AIMS: Using optical coherence tomography angiography (OCTA) to characterise microvascular changes in the retinal plexuses and choriocapillaris (CC) of patients with MYO7A and USH2A mutations and correlate with genotype, retinal structure and function. METHODS: Twenty-seven patients with molecularly confirmed USH2A (n=21) and MYO7A (n=6) mutations underwent macular 6×6 mm OCTA using the AngioVue. Heidelberg spectral-domain OCT scans and MAIA microperimetry were also performed, the preserved ellipsoid zone (EZ) band width and mean macular sensitivity (MS) were recorded. OCTA of the inner retina, superficial capillary plexus (SCP), deep capillary plexus (DCP) and CC were analysed. Vessel density (VD) was calculated from the en face OCT angiograms of retinal circulation. RESULTS: Forty-eight eyes with either USH2A (n=37, mean age: 34.4±12.2 years) or MYO7A (n=11, mean age: 37.1±12.4 years), and 35 eyes from 18 age-matched healthy participants were included. VD was significantly decreased in the retinal circulation of patients with USH2A and MYO7A mutations compared with controls (p<0.001).
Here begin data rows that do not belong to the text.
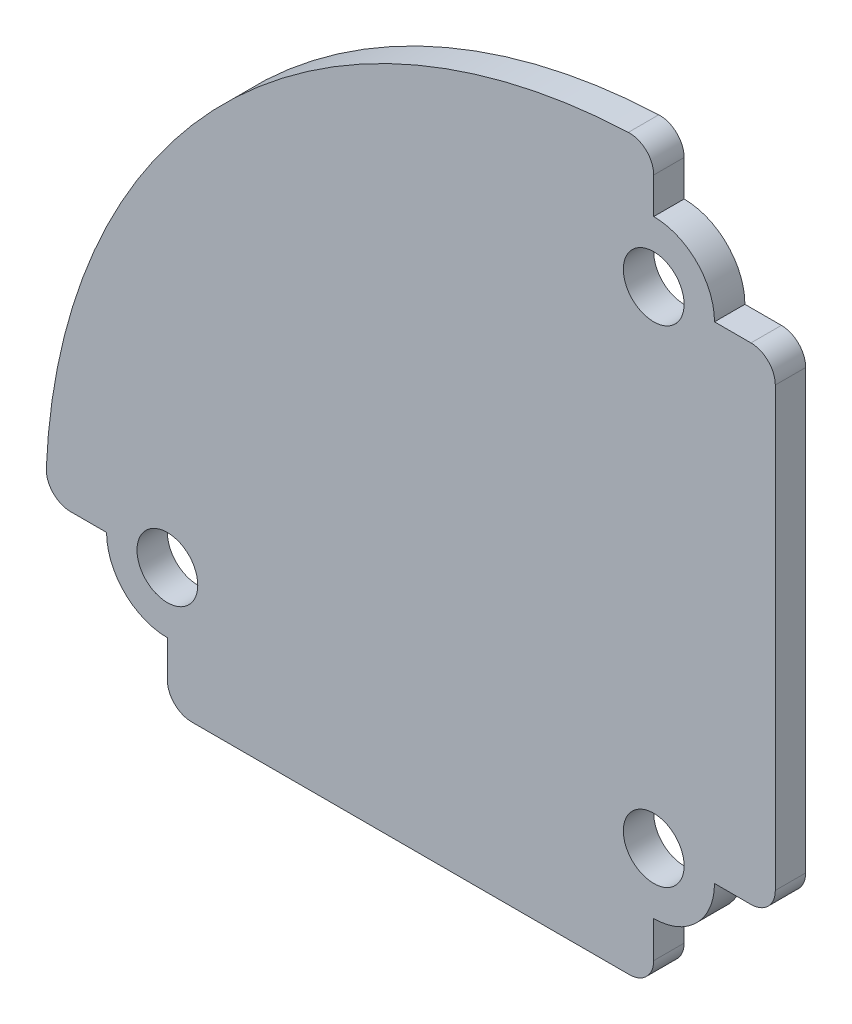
ISO-10303-21;
HEADER;
FILE_DESCRIPTION(('STEP AP214'),'2;1');
FILE_NAME('part.step','',(''),(''),'','','');
FILE_SCHEMA(('AUTOMOTIVE_DESIGN { 1 0 10303 214 1 1 1 1 }'));
ENDSEC;
DATA;
#1=APPLICATION_CONTEXT('core data for automotive mechanical design processes');
#2=APPLICATION_PROTOCOL_DEFINITION('international standard','automotive_design',2000,#1);
#3=PRODUCT_CONTEXT('',#1,'mechanical');
#4=PRODUCT('Part','Part','',(#3));
#5=PRODUCT_RELATED_PRODUCT_CATEGORY('part','',(#4));
#6=PRODUCT_DEFINITION_FORMATION('','',#4);
#7=PRODUCT_DEFINITION_CONTEXT('part definition',#1,'design');
#8=PRODUCT_DEFINITION('design','',#6,#7);
#9=PRODUCT_DEFINITION_SHAPE('','',#8);
#10=(LENGTH_UNIT() NAMED_UNIT(*) SI_UNIT(.MILLI.,.METRE.));
#11=(NAMED_UNIT(*) PLANE_ANGLE_UNIT() SI_UNIT($,.RADIAN.));
#12=(NAMED_UNIT(*) SI_UNIT($,.STERADIAN.) SOLID_ANGLE_UNIT());
#13=UNCERTAINTY_MEASURE_WITH_UNIT(LENGTH_MEASURE(1.E-05),#10,'distance_accuracy_value','');
#14=(GEOMETRIC_REPRESENTATION_CONTEXT(3) GLOBAL_UNCERTAINTY_ASSIGNED_CONTEXT((#13)) GLOBAL_UNIT_ASSIGNED_CONTEXT((#10,
#11,#12)) REPRESENTATION_CONTEXT('',''));
#15=CARTESIAN_POINT('',(0.,0.,0.));
#16=DIRECTION('',(0.,0.,1.));
#17=DIRECTION('',(1.,0.,0.));
#18=AXIS2_PLACEMENT_3D('',#15,#16,#17);
#19=CARTESIAN_POINT('',(-48.26,-10.16,3.175));
#20=DIRECTION('',(0.,0.,1.));
#21=DIRECTION('',(1.,0.,0.));
#22=AXIS2_PLACEMENT_3D('',#19,#20,#21);
#23=PLANE('',#22);
#24=CARTESIAN_POINT('',(0.,0.,3.175));
#25=DIRECTION('',(0.,0.,1.));
#26=DIRECTION('',(1.,0.,0.));
#27=AXIS2_PLACEMENT_3D('',#24,#25,#26);
#28=CIRCLE('',#27,3.175);
#29=CARTESIAN_POINT('',(3.175,0.,3.175));
#30=VERTEX_POINT('',#29);
#31=EDGE_CURVE('E364',#30,#30,#28,.T.);
#32=ORIENTED_EDGE('',*,*,#31,.F.);
#33=EDGE_LOOP('',(#32));
#34=FACE_BOUND('',#33,.T.);
#35=CARTESIAN_POINT('',(-48.26,-10.16,3.175));
#36=DIRECTION('',(0.,0.,1.));
#37=DIRECTION('',(1.,0.,0.));
#38=AXIS2_PLACEMENT_3D('',#35,#36,#37);
#39=CIRCLE('',#38,2.54);
#40=CARTESIAN_POINT('',(-50.8,-10.16,3.175));
#41=VERTEX_POINT('',#40);
#42=CARTESIAN_POINT('',(-48.26,-12.7,3.175));
#43=VERTEX_POINT('',#42);
#44=EDGE_CURVE('E224',#41,#43,#39,.T.);
#45=ORIENTED_EDGE('',*,*,#44,.T.);
#46=DIRECTION('',(1.,0.,0.));
#47=VECTOR('',#46,1.);
#48=CARTESIAN_POINT('',(-48.26,-12.7,3.175));
#49=LINE('',#48,#47);
#50=CARTESIAN_POINT('',(-2.54000000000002,-12.7,3.175));
#51=VERTEX_POINT('',#50);
#52=EDGE_CURVE('E122',#43,#51,#49,.T.);
#53=ORIENTED_EDGE('',*,*,#52,.T.);
#54=CARTESIAN_POINT('',(-2.54,-10.16,3.175));
#55=DIRECTION('',(0.,0.,1.));
#56=DIRECTION('',(1.,0.,0.));
#57=AXIS2_PLACEMENT_3D('',#54,#55,#56);
#58=CIRCLE('',#57,2.54);
#59=CARTESIAN_POINT('',(0.,-10.16,3.175));
#60=VERTEX_POINT('',#59);
#61=EDGE_CURVE('E269',#51,#60,#58,.T.);
#62=ORIENTED_EDGE('',*,*,#61,.T.);
#63=DIRECTION('',(0.,1.,0.));
#64=VECTOR('',#63,1.);
#65=CARTESIAN_POINT('',(0.,-10.16,3.175));
#66=LINE('',#65,#64);
#67=CARTESIAN_POINT('',(0.,-6.35,3.175));
#68=VERTEX_POINT('',#67);
#69=EDGE_CURVE('E288',#60,#68,#66,.T.);
#70=ORIENTED_EDGE('',*,*,#69,.T.);
#71=CARTESIAN_POINT('',(0.,0.,3.175));
#72=DIRECTION('',(0.,0.,1.));
#73=DIRECTION('',(1.,0.,0.));
#74=AXIS2_PLACEMENT_3D('',#71,#72,#73);
#75=CIRCLE('',#74,6.35);
#76=CARTESIAN_POINT('',(6.35,0.,3.175));
#77=VERTEX_POINT('',#76);
#78=EDGE_CURVE('E285',#68,#77,#75,.T.);
#79=ORIENTED_EDGE('',*,*,#78,.T.);
#80=DIRECTION('',(1.,0.,0.));
#81=VECTOR('',#80,1.);
#82=CARTESIAN_POINT('',(6.35,0.,3.175));
#83=LINE('',#82,#81);
#84=CARTESIAN_POINT('',(10.16,0.,3.175));
#85=VERTEX_POINT('',#84);
#86=EDGE_CURVE('E287',#77,#85,#83,.T.);
#87=ORIENTED_EDGE('',*,*,#86,.T.);
#88=CARTESIAN_POINT('',(10.16,2.54,3.175));
#89=DIRECTION('',(0.,0.,1.));
#90=DIRECTION('',(1.,0.,0.));
#91=AXIS2_PLACEMENT_3D('',#88,#89,#90);
#92=CIRCLE('',#91,2.54);
#93=CARTESIAN_POINT('',(12.7,2.54000000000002,3.175));
#94=VERTEX_POINT('',#93);
#95=EDGE_CURVE('E290',#85,#94,#92,.T.);
#96=ORIENTED_EDGE('',*,*,#95,.T.);
#97=DIRECTION('',(0.,1.,0.));
#98=VECTOR('',#97,1.);
#99=CARTESIAN_POINT('',(12.7,2.54000000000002,3.175));
#100=LINE('',#99,#98);
#101=CARTESIAN_POINT('',(12.7,48.26,3.175));
#102=VERTEX_POINT('',#101);
#103=EDGE_CURVE('E296',#94,#102,#100,.T.);
#104=ORIENTED_EDGE('',*,*,#103,.T.);
#105=CARTESIAN_POINT('',(10.16,48.26,3.175));
#106=DIRECTION('',(0.,0.,1.));
#107=DIRECTION('',(1.,0.,0.));
#108=AXIS2_PLACEMENT_3D('',#105,#106,#107);
#109=CIRCLE('',#108,2.54);
#110=CARTESIAN_POINT('',(10.16,50.8,3.175));
#111=VERTEX_POINT('',#110);
#112=EDGE_CURVE('E298',#102,#111,#109,.T.);
#113=ORIENTED_EDGE('',*,*,#112,.T.);
#114=DIRECTION('',(-1.,0.,0.));
#115=VECTOR('',#114,1.);
#116=CARTESIAN_POINT('',(10.16,50.8,3.175));
#117=LINE('',#116,#115);
#118=CARTESIAN_POINT('',(6.35,50.8,3.175));
#119=VERTEX_POINT('',#118);
#120=EDGE_CURVE('E300',#111,#119,#117,.T.);
#121=ORIENTED_EDGE('',*,*,#120,.T.);
#122=CARTESIAN_POINT('',(0.,50.8,3.175));
#123=DIRECTION('',(0.,0.,1.));
#124=DIRECTION('',(1.,0.,0.));
#125=AXIS2_PLACEMENT_3D('',#122,#123,#124);
#126=CIRCLE('',#125,6.35);
#127=CARTESIAN_POINT('',(0.,57.15,3.175));
#128=VERTEX_POINT('',#127);
#129=EDGE_CURVE('E302',#119,#128,#126,.T.);
#130=ORIENTED_EDGE('',*,*,#129,.T.);
#131=DIRECTION('',(0.,1.,0.));
#132=VECTOR('',#131,1.);
#133=CARTESIAN_POINT('',(0.,57.15,3.175));
#134=LINE('',#133,#132);
#135=CARTESIAN_POINT('',(0.,60.9070603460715,3.175));
#136=VERTEX_POINT('',#135);
#137=EDGE_CURVE('E304',#128,#136,#134,.T.);
#138=ORIENTED_EDGE('',*,*,#137,.T.);
#139=CARTESIAN_POINT('',(-2.54,60.9070603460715,3.175));
#140=DIRECTION('',(0.,0.,1.));
#141=DIRECTION('',(1.,0.,0.));
#142=AXIS2_PLACEMENT_3D('',#139,#140,#141);
#143=CIRCLE('',#142,2.54);
#144=CARTESIAN_POINT('',(-2.64583333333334,63.4448545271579,3.175));
#145=VERTEX_POINT('',#144);
#146=EDGE_CURVE('E306',#136,#145,#143,.T.);
#147=ORIENTED_EDGE('',*,*,#146,.T.);
#148=CARTESIAN_POINT('',(0.,0.,3.175));
#149=DIRECTION('',(0.,0.,1.));
#150=DIRECTION('',(1.,0.,0.));
#151=AXIS2_PLACEMENT_3D('',#148,#149,#150);
#152=CIRCLE('',#151,63.5);
#153=CARTESIAN_POINT('',(-63.4448545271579,2.64583333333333,3.175));
#154=VERTEX_POINT('',#153);
#155=EDGE_CURVE('E308',#145,#154,#152,.T.);
#156=ORIENTED_EDGE('',*,*,#155,.T.);
#157=CARTESIAN_POINT('',(-60.9070603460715,2.54,3.175));
#158=DIRECTION('',(0.,0.,1.));
#159=DIRECTION('',(-1.,0.,0.));
#160=AXIS2_PLACEMENT_3D('',#157,#158,#159);
#161=CIRCLE('',#160,2.54);
#162=CARTESIAN_POINT('',(-60.9070603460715,0.,3.175));
#163=VERTEX_POINT('',#162);
#164=EDGE_CURVE('E171',#154,#163,#161,.T.);
#165=ORIENTED_EDGE('',*,*,#164,.T.);
#166=DIRECTION('',(1.,0.,0.));
#167=VECTOR('',#166,1.);
#168=CARTESIAN_POINT('',(-60.9070603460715,0.,3.175));
#169=LINE('',#168,#167);
#170=CARTESIAN_POINT('',(-57.15,0.,3.175));
#171=VERTEX_POINT('',#170);
#172=EDGE_CURVE('E165',#163,#171,#169,.T.);
#173=ORIENTED_EDGE('',*,*,#172,.T.);
#174=CARTESIAN_POINT('',(-50.8,0.,3.175));
#175=DIRECTION('',(0.,0.,1.));
#176=DIRECTION('',(1.,0.,0.));
#177=AXIS2_PLACEMENT_3D('',#174,#175,#176);
#178=CIRCLE('',#177,6.35);
#179=CARTESIAN_POINT('',(-50.8,-6.35,3.175));
#180=VERTEX_POINT('',#179);
#181=EDGE_CURVE('E169',#171,#180,#178,.T.);
#182=ORIENTED_EDGE('',*,*,#181,.T.);
#183=DIRECTION('',(0.,-1.,0.));
#184=VECTOR('',#183,1.);
#185=CARTESIAN_POINT('',(-50.8,-6.35,3.175));
#186=LINE('',#185,#184);
#187=EDGE_CURVE('E49',#180,#41,#186,.T.);
#188=ORIENTED_EDGE('',*,*,#187,.T.);
#189=EDGE_LOOP('',(#45,#53,#62,#70,#79,#87,#96,#104,#113,#121,#130,#138,#147,#156,#165,#173,
#182,#188));
#190=FACE_BOUND('',#189,.T.);
#191=CARTESIAN_POINT('',(0.,50.8,3.175));
#192=DIRECTION('',(0.,0.,1.));
#193=DIRECTION('',(1.,0.,0.));
#194=AXIS2_PLACEMENT_3D('',#191,#192,#193);
#195=CIRCLE('',#194,3.175);
#196=CARTESIAN_POINT('',(3.175,50.8,3.175));
#197=VERTEX_POINT('',#196);
#198=EDGE_CURVE('E193',#197,#197,#195,.T.);
#199=ORIENTED_EDGE('',*,*,#198,.F.);
#200=EDGE_LOOP('',(#199));
#201=FACE_BOUND('',#200,.T.);
#202=CARTESIAN_POINT('',(-50.8,0.,3.175));
#203=DIRECTION('',(0.,0.,1.));
#204=DIRECTION('',(1.,0.,0.));
#205=AXIS2_PLACEMENT_3D('',#202,#203,#204);
#206=CIRCLE('',#205,3.175);
#207=CARTESIAN_POINT('',(-47.625,0.,3.175));
#208=VERTEX_POINT('',#207);
#209=EDGE_CURVE('E355',#208,#208,#206,.T.);
#210=ORIENTED_EDGE('',*,*,#209,.F.);
#211=EDGE_LOOP('',(#210));
#212=FACE_BOUND('',#211,.T.);
#213=ADVANCED_FACE('F32',(#34,#190,#201,#212),#23,.T.);
#214=CARTESIAN_POINT('',(-48.26,-10.16,0.));
#215=DIRECTION('',(0.,0.,1.));
#216=DIRECTION('',(1.,0.,0.));
#217=AXIS2_PLACEMENT_3D('',#214,#215,#216);
#218=PLANE('',#217);
#219=CARTESIAN_POINT('',(0.,0.,0.));
#220=DIRECTION('',(0.,0.,1.));
#221=DIRECTION('',(1.,0.,0.));
#222=AXIS2_PLACEMENT_3D('',#219,#220,#221);
#223=CIRCLE('',#222,3.175);
#224=CARTESIAN_POINT('',(3.175,0.,0.));
#225=VERTEX_POINT('',#224);
#226=EDGE_CURVE('E361',#225,#225,#223,.T.);
#227=ORIENTED_EDGE('',*,*,#226,.T.);
#228=EDGE_LOOP('',(#227));
#229=FACE_BOUND('',#228,.T.);
#230=CARTESIAN_POINT('',(-48.26,-10.16,0.));
#231=DIRECTION('',(0.,0.,1.));
#232=DIRECTION('',(1.,0.,0.));
#233=AXIS2_PLACEMENT_3D('',#230,#231,#232);
#234=CIRCLE('',#233,2.54);
#235=CARTESIAN_POINT('',(-50.8,-10.16,0.));
#236=VERTEX_POINT('',#235);
#237=CARTESIAN_POINT('',(-48.26,-12.7,0.));
#238=VERTEX_POINT('',#237);
#239=EDGE_CURVE('E189',#236,#238,#234,.T.);
#240=ORIENTED_EDGE('',*,*,#239,.F.);
#241=DIRECTION('',(0.,-1.,0.));
#242=VECTOR('',#241,1.);
#243=CARTESIAN_POINT('',(-50.8,-6.35,0.));
#244=LINE('',#243,#242);
#245=CARTESIAN_POINT('',(-50.8,-6.35,0.));
#246=VERTEX_POINT('',#245);
#247=EDGE_CURVE('E114',#246,#236,#244,.T.);
#248=ORIENTED_EDGE('',*,*,#247,.F.);
#249=CARTESIAN_POINT('',(-50.8,0.,0.));
#250=DIRECTION('',(0.,0.,1.));
#251=DIRECTION('',(1.,0.,0.));
#252=AXIS2_PLACEMENT_3D('',#249,#250,#251);
#253=CIRCLE('',#252,6.35);
#254=CARTESIAN_POINT('',(-57.15,0.,0.));
#255=VERTEX_POINT('',#254);
#256=EDGE_CURVE('E108',#255,#246,#253,.T.);
#257=ORIENTED_EDGE('',*,*,#256,.F.);
#258=DIRECTION('',(1.,0.,0.));
#259=VECTOR('',#258,1.);
#260=CARTESIAN_POINT('',(-60.9070603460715,0.,0.));
#261=LINE('',#260,#259);
#262=CARTESIAN_POINT('',(-60.9070603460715,0.,0.));
#263=VERTEX_POINT('',#262);
#264=EDGE_CURVE('E179',#263,#255,#261,.T.);
#265=ORIENTED_EDGE('',*,*,#264,.F.);
#266=CARTESIAN_POINT('',(-60.9070603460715,2.54,0.));
#267=DIRECTION('',(0.,0.,1.));
#268=DIRECTION('',(-1.,0.,0.));
#269=AXIS2_PLACEMENT_3D('',#266,#267,#268);
#270=CIRCLE('',#269,2.54);
#271=CARTESIAN_POINT('',(-63.4448545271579,2.64583333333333,0.));
#272=VERTEX_POINT('',#271);
#273=EDGE_CURVE('E219',#272,#263,#270,.T.);
#274=ORIENTED_EDGE('',*,*,#273,.F.);
#275=CARTESIAN_POINT('',(0.,0.,0.));
#276=DIRECTION('',(0.,0.,1.));
#277=DIRECTION('',(1.,0.,0.));
#278=AXIS2_PLACEMENT_3D('',#275,#276,#277);
#279=CIRCLE('',#278,63.5);
#280=CARTESIAN_POINT('',(-2.64583333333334,63.4448545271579,0.));
#281=VERTEX_POINT('',#280);
#282=EDGE_CURVE('E217',#281,#272,#279,.T.);
#283=ORIENTED_EDGE('',*,*,#282,.F.);
#284=CARTESIAN_POINT('',(-2.54,60.9070603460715,0.));
#285=DIRECTION('',(0.,0.,1.));
#286=DIRECTION('',(1.,0.,0.));
#287=AXIS2_PLACEMENT_3D('',#284,#285,#286);
#288=CIRCLE('',#287,2.54);
#289=CARTESIAN_POINT('',(0.,60.9070603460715,0.));
#290=VERTEX_POINT('',#289);
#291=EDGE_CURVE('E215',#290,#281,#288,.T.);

Changes were observed in both the SCP and DCP, but no differences in retinal perfusion were detected between USH2A and MYO7A groups. No vascular defects were detected in CC of the USH2A group, but peripheral defects were detected in older MYO7A patients from the fourth decade of life. VD in the DCP showed strong association with MS and EZ width (Spearman's rho =0.64 and 0.59, respectively, p<0.001). CONCLUSION: OCTA was able to detect similar retinal microvascular changes in patients with USH2A and MYO7A mutations. The CC was generally affected in MYO7A mutations. OCT angiography may further enhance our understanding of inherited eye diseases and their phenotype-genotype associations.

Type: Article
Title: Characterisation of microvascular abnormalities using OCT angiography in patients with biallelic variants in USH2A and MYO7A
Location: England
Open access status: An open access version is available from UCL Discovery
DOI: 10.1136/bjophthalmol-2019-314243
Publisher version: http://dx.doi.org/10.1136/bjophthalmol-2019-314243
Language: English
Additional information: This version is the author accepted manuscript. For information on re-use, please refer to the publisher’s terms and conditions.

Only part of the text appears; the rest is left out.